My spirit is rejuvenated when I leave these meetings. I’m sitting there with all these amazing people — from actresses to producers to directors to execs — and we’re talking about ways to create a support system, ways to be helpful, ways to educate each other on things the other may not know. It’s really, really great. And I think it’s about time this sort of thing was formed, and I’m so proud to be a part of it. I will proudly be wearing black at the Golden Globes. I hope that everyone understands that what we’re doing is really for the greater good.
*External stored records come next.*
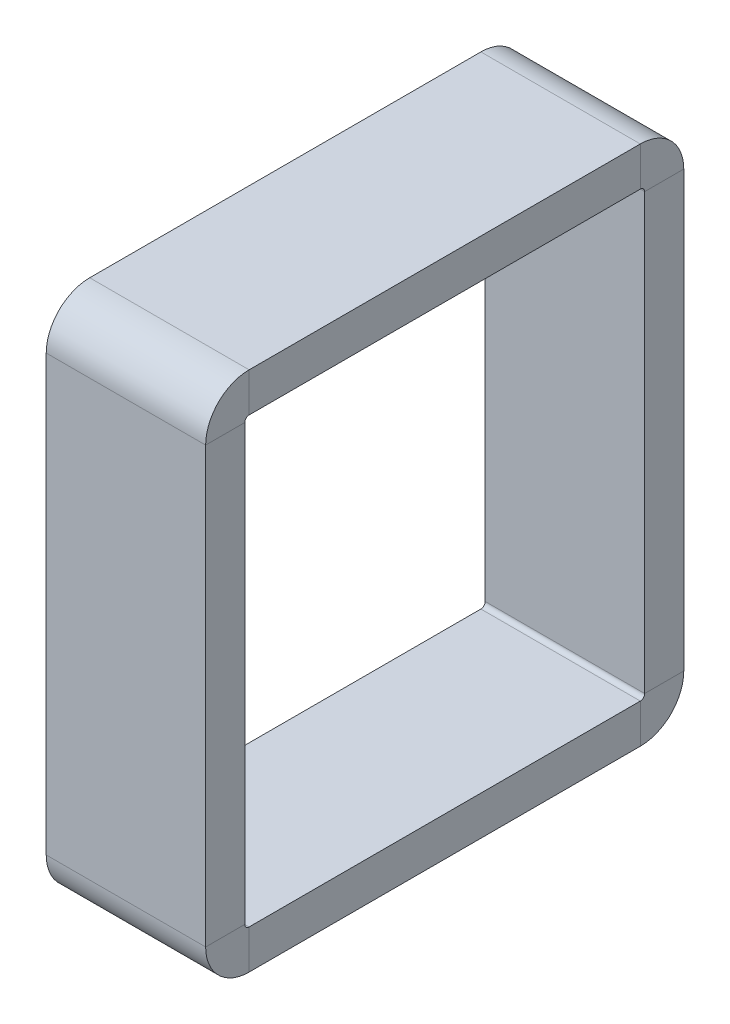
ISO-10303-21;
HEADER;
FILE_DESCRIPTION(('STEP AP214'),'2;1');
FILE_NAME('part.step','',(''),(''),'','','');
FILE_SCHEMA(('AUTOMOTIVE_DESIGN { 1 0 10303 214 1 1 1 1 }'));
ENDSEC;
DATA;
#1=APPLICATION_CONTEXT('core data for automotive mechanical design processes');
#2=APPLICATION_PROTOCOL_DEFINITION('international standard','automotive_design',2000,#1);
#3=PRODUCT_CONTEXT('',#1,'mechanical');
#4=PRODUCT('Part','Part','',(#3));
#5=PRODUCT_RELATED_PRODUCT_CATEGORY('part','',(#4));
#6=PRODUCT_DEFINITION_FORMATION('','',#4);
#7=PRODUCT_DEFINITION_CONTEXT('part definition',#1,'design');
#8=PRODUCT_DEFINITION('design','',#6,#7);
#9=PRODUCT_DEFINITION_SHAPE('','',#8);
#10=(LENGTH_UNIT() NAMED_UNIT(*) SI_UNIT(.MILLI.,.METRE.));
#11=(NAMED_UNIT(*) PLANE_ANGLE_UNIT() SI_UNIT($,.RADIAN.));
#12=(NAMED_UNIT(*) SI_UNIT($,.STERADIAN.) SOLID_ANGLE_UNIT());
#13=UNCERTAINTY_MEASURE_WITH_UNIT(LENGTH_MEASURE(1.E-05),#10,'distance_accuracy_value','');
#14=(GEOMETRIC_REPRESENTATION_CONTEXT(3) GLOBAL_UNCERTAINTY_ASSIGNED_CONTEXT((#13)) GLOBAL_UNIT_ASSIGNED_CONTEXT((#10,
#11,#12)) REPRESENTATION_CONTEXT('',''));
#15=CARTESIAN_POINT('',(0.,0.,0.));
#16=DIRECTION('',(0.,0.,1.));
#17=DIRECTION('',(1.,0.,0.));
#18=AXIS2_PLACEMENT_3D('',#15,#16,#17);
#19=CARTESIAN_POINT('',(3.716777825355,0.754999781003945,-3.2461214549909));
#20=DIRECTION('',(-1.,0.,0.));
#21=DIRECTION('',(0.,8.74227765734758E-08,-1.));
#22=AXIS2_PLACEMENT_3D('',#19,#20,#21);
#23=PLANE('',#22);
#24=CARTESIAN_POINT('',(3.716777825355,0.749999781441055,-3.25112145542801));
#25=DIRECTION('',(1.,0.,0.));
#26=DIRECTION('',(0.,-0.999999999999996,-8.74265104755868E-08));
#27=AXIS2_PLACEMENT_3D('',#24,#25,#26);
#28=CIRCLE('',#27,0.00999999999999601);
#29=CARTESIAN_POINT('',(3.716777825355,0.739999781441059,-3.25112145630224));
#30=VERTEX_POINT('',#29);
#31=CARTESIAN_POINT('',(3.716777825355,0.749999782316286,-3.26112145542801));
#32=VERTEX_POINT('',#31);
#33=EDGE_CURVE('E11',#30,#32,#28,.T.);
#34=ORIENTED_EDGE('',*,*,#33,.F.);
#35=DIRECTION('',(0.,0.999999999999996,8.74227702585115E-08));
#36=VECTOR('',#35,1.);
#37=CARTESIAN_POINT('',(3.716777825355,0.649999781442059,-3.25112146417129));
#38=LINE('',#37,#36);
#39=CARTESIAN_POINT('',(3.716777825355,0.649999781442059,-3.25112146417029));
#40=VERTEX_POINT('',#39);
#41=EDGE_CURVE('E295',#40,#30,#38,.T.);
#42=ORIENTED_EDGE('',*,*,#41,.F.);
#43=CARTESIAN_POINT('',(3.716777825355,0.749999781441727,-3.25112145542834));
#44=DIRECTION('',(-1.,0.,0.));
#45=DIRECTION('',(0.,8.74165517753117E-08,-0.999999999999996));
#46=AXIS2_PLACEMENT_3D('',#43,#44,#45);
#47=CIRCLE('',#46,0.0999999999996679);
#48=CARTESIAN_POINT('',(3.716777825355,0.749999790184336,-3.35112145542801));
#49=VERTEX_POINT('',#48);
#50=EDGE_CURVE('E292',#49,#40,#47,.T.);
#51=ORIENTED_EDGE('',*,*,#50,.F.);
#52=DIRECTION('',(0.,8.74227727247025E-08,-0.999999999999996));
#53=VECTOR('',#52,1.);
#54=CARTESIAN_POINT('',(3.716777825355,0.749999782315287,-3.26112145542801));
#55=LINE('',#54,#53);
#56=EDGE_CURVE('E281',#32,#49,#55,.T.);
#57=ORIENTED_EDGE('',*,*,#56,.F.);
#58=EDGE_LOOP('',(#34,#42,#51,#57));
#59=FACE_BOUND('',#58,.T.);
#60=ADVANCED_FACE('F17',(#59),#23,.F.);
#61=CARTESIAN_POINT('',(3.35,0.754999781003945,-3.2461214549909));
#62=DIRECTION('',(-1.,0.,0.));
#63=DIRECTION('',(0.,8.74227765734758E-08,-1.));
#64=AXIS2_PLACEMENT_3D('',#61,#62,#63);
#65=PLANE('',#64);
#66=DIRECTION('',(0.,8.74227764254459E-08,-0.999999999999996));
#67=VECTOR('',#66,1.);
#68=CARTESIAN_POINT('',(3.35,0.749999782315286,-3.26112145542801));
#69=LINE('',#68,#67);
#70=CARTESIAN_POINT('',(3.35,0.749999782316286,-3.26112145542801));
#71=VERTEX_POINT('',#70);
#72=CARTESIAN_POINT('',(3.35,0.749999790184336,-3.35112145542801));
#73=VERTEX_POINT('',#72);
#74=EDGE_CURVE('E24',#71,#73,#69,.T.);
#75=ORIENTED_EDGE('',*,*,#74,.T.);
#76=CARTESIAN_POINT('',(3.35,0.749999781441722,-3.25112145542835));
#77=DIRECTION('',(-1.,0.,0.));
#78=DIRECTION('',(0.,8.74161432132383E-08,-0.999999999999996));
#79=AXIS2_PLACEMENT_3D('',#76,#77,#78);
#80=CIRCLE('',#79,0.0999999999996679);
#81=CARTESIAN_POINT('',(3.35,0.649999781441059,-3.25112146417029));
#82=VERTEX_POINT('',#81);
#83=EDGE_CURVE('E290',#73,#82,#80,.T.);
#84=ORIENTED_EDGE('',*,*,#83,.T.);
#85=DIRECTION('',(0.,-0.999999999999996,-8.74227702585115E-08));
#86=VECTOR('',#85,1.);
#87=CARTESIAN_POINT('',(3.35,0.739999781441059,-3.25112145630324));
#88=LINE('',#87,#86);
#89=CARTESIAN_POINT('',(3.35,0.739999781441059,-3.25112145630224));
#90=VERTEX_POINT('',#89);
#91=EDGE_CURVE('E284',#90,#82,#88,.T.);
#92=ORIENTED_EDGE('',*,*,#91,.F.);
#93=CARTESIAN_POINT('',(3.35,0.74999978144101,-3.25112145542806));
#94=DIRECTION('',(1.,0.,0.));
#95=DIRECTION('',(0.,-0.999999999999996,-8.74178951449157E-08));
#96=AXIS2_PLACEMENT_3D('',#93,#94,#95);
#97=CIRCLE('',#96,0.00999999999999601);
#98=EDGE_CURVE('E274',#90,#71,#97,.T.);
#99=ORIENTED_EDGE('',*,*,#98,.T.);
#100=EDGE_LOOP('',(#75,#84,#92,#99));
#101=FACE_BOUND('',#100,.T.);
#102=ADVANCED_FACE('F409',(#101),#65,.T.);
#103=CARTESIAN_POINT('',(3.716777825355,0.749999781441727,-3.25112145542834));
#104=DIRECTION('',(-1.,0.,0.));
#105=DIRECTION('',(0.,-1.,-8.74227765734759E-08));
#106=AXIS2_PLACEMENT_3D('',#103,#104,#105);
#107=CYLINDRICAL_SURFACE('',#106,0.0999999999996679);
#108=ORIENTED_EDGE('',*,*,#50,.T.);
#109=DIRECTION('',(1.,0.,0.));
#110=VECTOR('',#109,1.);
#111=CARTESIAN_POINT('',(3.35,0.649999781442059,-3.25112146417129));
#112=LINE('',#111,#110);
#113=EDGE_CURVE('E287',#82,#40,#112,.T.);
#114=ORIENTED_EDGE('',*,*,#113,.F.);
#115=ORIENTED_EDGE('',*,*,#83,.F.);
#116=DIRECTION('',(-1.,0.,0.));
#117=VECTOR('',#116,1.);
#118=CARTESIAN_POINT('',(3.716777825355,0.749999790183336,-3.35112145542801));
#119=LINE('',#118,#117);
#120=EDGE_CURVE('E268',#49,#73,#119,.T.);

People will go, “Are you nervous to talk about this?” And it’s like, no, there’s no way to spin this into a bad thing! If they do, that’s their conscience, and they can deal with that. But at the end of the day, it’s all good. There’s nothing bad that can come out of this. Nothing.
The Chi premieres January 7 at 10 pm on Showtime. A truncated version of the first episode is currently streaming on YouTube.